Stored records

:::

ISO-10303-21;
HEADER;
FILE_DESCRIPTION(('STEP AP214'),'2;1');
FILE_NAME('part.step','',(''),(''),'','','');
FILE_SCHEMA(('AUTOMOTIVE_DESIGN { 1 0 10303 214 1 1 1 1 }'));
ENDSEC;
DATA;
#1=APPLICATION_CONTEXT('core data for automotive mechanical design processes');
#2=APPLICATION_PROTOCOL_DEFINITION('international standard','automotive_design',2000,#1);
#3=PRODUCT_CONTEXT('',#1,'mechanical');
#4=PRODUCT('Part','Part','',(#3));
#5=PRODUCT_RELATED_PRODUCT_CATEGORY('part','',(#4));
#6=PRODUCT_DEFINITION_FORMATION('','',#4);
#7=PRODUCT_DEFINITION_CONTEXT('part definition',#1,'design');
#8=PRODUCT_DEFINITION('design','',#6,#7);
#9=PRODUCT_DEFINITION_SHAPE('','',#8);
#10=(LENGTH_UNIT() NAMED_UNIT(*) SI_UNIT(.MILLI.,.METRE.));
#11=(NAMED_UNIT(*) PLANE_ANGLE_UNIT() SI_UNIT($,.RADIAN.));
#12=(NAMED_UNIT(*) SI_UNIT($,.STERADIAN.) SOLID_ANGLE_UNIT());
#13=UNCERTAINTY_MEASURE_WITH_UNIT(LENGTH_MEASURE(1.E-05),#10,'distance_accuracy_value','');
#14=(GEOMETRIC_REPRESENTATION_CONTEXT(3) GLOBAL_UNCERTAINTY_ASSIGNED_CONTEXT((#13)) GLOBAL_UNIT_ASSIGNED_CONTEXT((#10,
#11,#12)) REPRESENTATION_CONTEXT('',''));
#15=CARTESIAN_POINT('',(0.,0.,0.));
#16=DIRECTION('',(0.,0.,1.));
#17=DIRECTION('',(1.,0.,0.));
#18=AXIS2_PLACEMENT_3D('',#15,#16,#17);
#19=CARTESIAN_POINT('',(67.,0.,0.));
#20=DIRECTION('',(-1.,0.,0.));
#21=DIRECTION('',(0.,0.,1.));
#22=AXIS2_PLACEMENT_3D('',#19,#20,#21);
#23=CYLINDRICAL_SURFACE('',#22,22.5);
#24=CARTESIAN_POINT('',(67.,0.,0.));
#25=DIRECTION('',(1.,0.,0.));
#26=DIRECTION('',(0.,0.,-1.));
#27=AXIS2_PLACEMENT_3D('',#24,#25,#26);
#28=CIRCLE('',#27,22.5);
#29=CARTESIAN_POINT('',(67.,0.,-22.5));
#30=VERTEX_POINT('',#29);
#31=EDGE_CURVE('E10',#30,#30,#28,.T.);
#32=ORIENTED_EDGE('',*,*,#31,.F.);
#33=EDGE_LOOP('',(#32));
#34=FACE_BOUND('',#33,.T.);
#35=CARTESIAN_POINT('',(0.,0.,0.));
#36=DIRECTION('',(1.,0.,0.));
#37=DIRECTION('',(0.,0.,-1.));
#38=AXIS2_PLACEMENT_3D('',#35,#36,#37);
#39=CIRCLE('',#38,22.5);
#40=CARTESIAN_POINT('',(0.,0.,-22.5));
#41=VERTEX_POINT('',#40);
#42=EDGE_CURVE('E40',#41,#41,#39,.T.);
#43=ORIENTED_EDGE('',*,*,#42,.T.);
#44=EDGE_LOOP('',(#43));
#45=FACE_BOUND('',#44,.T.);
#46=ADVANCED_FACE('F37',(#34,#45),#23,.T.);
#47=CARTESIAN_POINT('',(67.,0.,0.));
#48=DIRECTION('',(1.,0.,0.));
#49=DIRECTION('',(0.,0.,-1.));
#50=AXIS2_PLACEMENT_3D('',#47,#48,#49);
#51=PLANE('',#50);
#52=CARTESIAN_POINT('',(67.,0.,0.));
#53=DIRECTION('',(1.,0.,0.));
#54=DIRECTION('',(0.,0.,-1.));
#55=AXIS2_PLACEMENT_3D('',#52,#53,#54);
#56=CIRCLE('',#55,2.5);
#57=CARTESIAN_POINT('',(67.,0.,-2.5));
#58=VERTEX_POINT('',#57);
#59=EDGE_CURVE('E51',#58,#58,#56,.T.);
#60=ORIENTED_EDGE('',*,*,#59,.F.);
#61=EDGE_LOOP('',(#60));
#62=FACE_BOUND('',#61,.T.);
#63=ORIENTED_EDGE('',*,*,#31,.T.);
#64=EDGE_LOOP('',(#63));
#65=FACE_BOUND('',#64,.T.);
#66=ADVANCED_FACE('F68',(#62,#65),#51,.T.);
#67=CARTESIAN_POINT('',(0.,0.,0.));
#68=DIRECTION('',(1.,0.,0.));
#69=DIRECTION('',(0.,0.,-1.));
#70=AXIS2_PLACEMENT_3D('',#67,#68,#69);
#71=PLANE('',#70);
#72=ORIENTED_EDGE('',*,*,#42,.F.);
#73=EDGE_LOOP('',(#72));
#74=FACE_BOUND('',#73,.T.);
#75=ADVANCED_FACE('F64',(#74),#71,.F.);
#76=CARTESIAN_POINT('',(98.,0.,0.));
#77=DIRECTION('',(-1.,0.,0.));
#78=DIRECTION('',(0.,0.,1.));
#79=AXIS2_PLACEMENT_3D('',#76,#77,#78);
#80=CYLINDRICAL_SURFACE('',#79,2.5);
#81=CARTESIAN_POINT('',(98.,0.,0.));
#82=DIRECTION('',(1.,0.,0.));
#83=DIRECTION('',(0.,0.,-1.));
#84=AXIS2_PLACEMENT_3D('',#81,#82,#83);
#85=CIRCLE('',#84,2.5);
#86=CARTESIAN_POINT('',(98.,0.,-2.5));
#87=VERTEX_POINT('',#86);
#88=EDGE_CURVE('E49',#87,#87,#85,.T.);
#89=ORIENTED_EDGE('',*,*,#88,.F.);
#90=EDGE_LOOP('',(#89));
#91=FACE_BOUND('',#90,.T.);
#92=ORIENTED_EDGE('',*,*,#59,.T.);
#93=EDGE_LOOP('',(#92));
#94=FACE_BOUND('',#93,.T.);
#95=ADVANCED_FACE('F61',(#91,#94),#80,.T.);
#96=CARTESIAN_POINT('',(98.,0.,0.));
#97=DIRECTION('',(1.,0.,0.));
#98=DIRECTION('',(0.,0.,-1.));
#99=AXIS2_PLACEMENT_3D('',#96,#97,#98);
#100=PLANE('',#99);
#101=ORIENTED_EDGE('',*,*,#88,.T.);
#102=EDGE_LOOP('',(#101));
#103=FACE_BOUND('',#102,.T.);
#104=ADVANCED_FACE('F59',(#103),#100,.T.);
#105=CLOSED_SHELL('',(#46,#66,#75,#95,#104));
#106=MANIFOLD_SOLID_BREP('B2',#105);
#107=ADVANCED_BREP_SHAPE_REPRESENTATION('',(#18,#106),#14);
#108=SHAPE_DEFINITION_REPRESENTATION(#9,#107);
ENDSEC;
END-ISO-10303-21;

:::

▶ WORK INSTRUCTIONS
Every entry above should be transcribed exactly as it appears.

▶ OUTPUT BELOW
ISO-10303-21;
HEADER;
FILE_DESCRIPTION(('STEP AP214'),'2;1');
FILE_NAME('part.step','',(''),(''),'','','');
FILE_SCHEMA(('AUTOMOTIVE_DESIGN { 1 0 10303 214 1 1 1 1 }'));
ENDSEC;
DATA;
#1=APPLICATION_CONTEXT('core data for automotive mechanical design processes');
#2=APPLICATION_PROTOCOL_DEFINITION('international standard','automotive_design',2000,#1);
#3=PRODUCT_CONTEXT('',#1,'mechanical');
#4=PRODUCT('Part','Part','',(#3));
#5=PRODUCT_RELATED_PRODUCT_CATEGORY('part','',(#4));
#6=PRODUCT_DEFINITION_FORMATION('','',#4);
#7=PRODUCT_DEFINITION_CONTEXT('part definition',#1,'design');
#8=PRODUCT_DEFINITION('design','',#6,#7);
#9=PRODUCT_DEFINITION_SHAPE('','',#8);
#10=(LENGTH_UNIT() NAMED_UNIT(*) SI_UNIT(.MILLI.,.METRE.));
#11=(NAMED_UNIT(*) PLANE_ANGLE_UNIT() SI_UNIT($,.RADIAN.));
#12=(NAMED_UNIT(*) SI_UNIT($,.STERADIAN.) SOLID_ANGLE_UNIT());
#13=UNCERTAINTY_MEASURE_WITH_UNIT(LENGTH_MEASURE(1.E-05),#10,'distance_accuracy_value','');
#14=(GEOMETRIC_REPRESENTATION_CONTEXT(3) GLOBAL_UNCERTAINTY_ASSIGNED_CONTEXT((#13)) GLOBAL_UNIT_ASSIGNED_CONTEXT((#10,
#11,#12)) REPRESENTATION_CONTEXT('',''));
#15=CARTESIAN_POINT('',(0.,0.,0.));
#16=DIRECTION('',(0.,0.,1.));
#17=DIRECTION('',(1.,0.,0.));
#18=AXIS2_PLACEMENT_3D('',#15,#16,#17);
#19=CARTESIAN_POINT('',(67.,0.,0.));
#20=DIRECTION('',(-1.,0.,0.));
#21=DIRECTION('',(0.,0.,1.));
#22=AXIS2_PLACEMENT_3D('',#19,#20,#21);
#23=CYLINDRICAL_SURFACE('',#22,22.5);
#24=CARTESIAN_POINT('',(67.,0.,0.));
#25=DIRECTION('',(1.,0.,0.));
#26=DIRECTION('',(0.,0.,-1.));
#27=AXIS2_PLACEMENT_3D('',#24,#25,#26);
#28=CIRCLE('',#27,22.5);
#29=CARTESIAN_POINT('',(67.,0.,-22.5));
#30=VERTEX_POINT('',#29);
#31=EDGE_CURVE('E10',#30,#30,#28,.T.);
#32=ORIENTED_EDGE('',*,*,#31,.F.);
#33=EDGE_LOOP('',(#32));
#34=FACE_BOUND('',#33,.T.);
#35=CARTESIAN_POINT('',(0.,0.,0.));
#36=DIRECTION('',(1.,0.,0.));
#37=DIRECTION('',(0.,0.,-1.));
#38=AXIS2_PLACEMENT_3D('',#35,#36,#37);
#39=CIRCLE('',#38,22.5);
#40=CARTESIAN_POINT('',(0.,0.,-22.5));
#41=VERTEX_POINT('',#40);
#42=EDGE_CURVE('E40',#41,#41,#39,.T.);
#43=ORIENTED_EDGE('',*,*,#42,.T.);
#44=EDGE_LOOP('',(#43));
#45=FACE_BOUND('',#44,.T.);
#46=ADVANCED_FACE('F37',(#34,#45),#23,.T.);
#47=CARTESIAN_POINT('',(67.,0.,0.));
#48=DIRECTION('',(1.,0.,0.));
#49=DIRECTION('',(0.,0.,-1.));
#50=AXIS2_PLACEMENT_3D('',#47,#48,#49);
#51=PLANE('',#50);
#52=CARTESIAN_POINT('',(67.,0.,0.));
#53=DIRECTION('',(1.,0.,0.));
#54=DIRECTION('',(0.,0.,-1.));
#55=AXIS2_PLACEMENT_3D('',#52,#53,#54);
#56=CIRCLE('',#55,2.5);
#57=CARTESIAN_POINT('',(67.,0.,-2.5));
#58=VERTEX_POINT('',#57);
#59=EDGE_CURVE('E51',#58,#58,#56,.T.);
#60=ORIENTED_EDGE('',*,*,#59,.F.);
#61=EDGE_LOOP('',(#60));
#62=FACE_BOUND('',#61,.T.);
#63=ORIENTED_EDGE('',*,*,#31,.T.);
#64=EDGE_LOOP('',(#63));
#65=FACE_BOUND('',#64,.T.);
#66=ADVANCED_FACE('F68',(#62,#65),#51,.T.);
#67=CARTESIAN_POINT('',(0.,0.,0.));
#68=DIRECTION('',(1.,0.,0.));
#69=DIRECTION('',(0.,0.,-1.));
#70=AXIS2_PLACEMENT_3D('',#67,#68,#69);
#71=PLANE('',#70);
#72=ORIENTED_EDGE('',*,*,#42,.F.);
#73=EDGE_LOOP('',(#72));
#74=FACE_BOUND('',#73,.T.);
#75=ADVANCED_FACE('F64',(#74),#71,.F.);
#76=CARTESIAN_POINT('',(98.,0.,0.));
#77=DIRECTION('',(-1.,0.,0.));
#78=DIRECTION('',(0.,0.,1.));
#79=AXIS2_PLACEMENT_3D('',#76,#77,#78);
#80=CYLINDRICAL_SURFACE('',#79,2.5);
#81=CARTESIAN_POINT('',(98.,0.,0.));
#82=DIRECTION('',(1.,0.,0.));
#83=DIRECTION('',(0.,0.,-1.));
#84=AXIS2_PLACEMENT_3D('',#81,#82,#83);
#85=CIRCLE('',#84,2.5);
#86=CARTESIAN_POINT('',(98.,0.,-2.5));
#87=VERTEX_POINT('',#86);
#88=EDGE_CURVE('E49',#87,#87,#85,.T.);
#89=ORIENTED_EDGE('',*,*,#88,.F.);
#90=EDGE_LOOP('',(#89));
#91=FACE_BOUND('',#90,.T.);
#92=ORIENTED_EDGE('',*,*,#59,.T.);
#93=EDGE_LOOP('',(#92));
#94=FACE_BOUND('',#93,.T.);
#95=ADVANCED_FACE('F61',(#91,#94),#80,.T.);
#96=CARTESIAN_POINT('',(98.,0.,0.));
#97=DIRECTION('',(1.,0.,0.));
#98=DIRECTION('',(0.,0.,-1.));
#99=AXIS2_PLACEMENT_3D('',#96,#97,#98);
#100=PLANE('',#99);
#101=ORIENTED_EDGE('',*,*,#88,.T.);
#102=EDGE_LOOP('',(#101));
#103=FACE_BOUND('',#102,.T.);
#104=ADVANCED_FACE('F59',(#103),#100,.T.);
#105=CLOSED_SHELL('',(#46,#66,#75,#95,#104));
#106=MANIFOLD_SOLID_BREP('B2',#105);
#107=ADVANCED_BREP_SHAPE_REPRESENTATION('',(#18,#106),#14);
#108=SHAPE_DEFINITION_REPRESENTATION(#9,#107);
ENDSEC;
END-ISO-10303-21;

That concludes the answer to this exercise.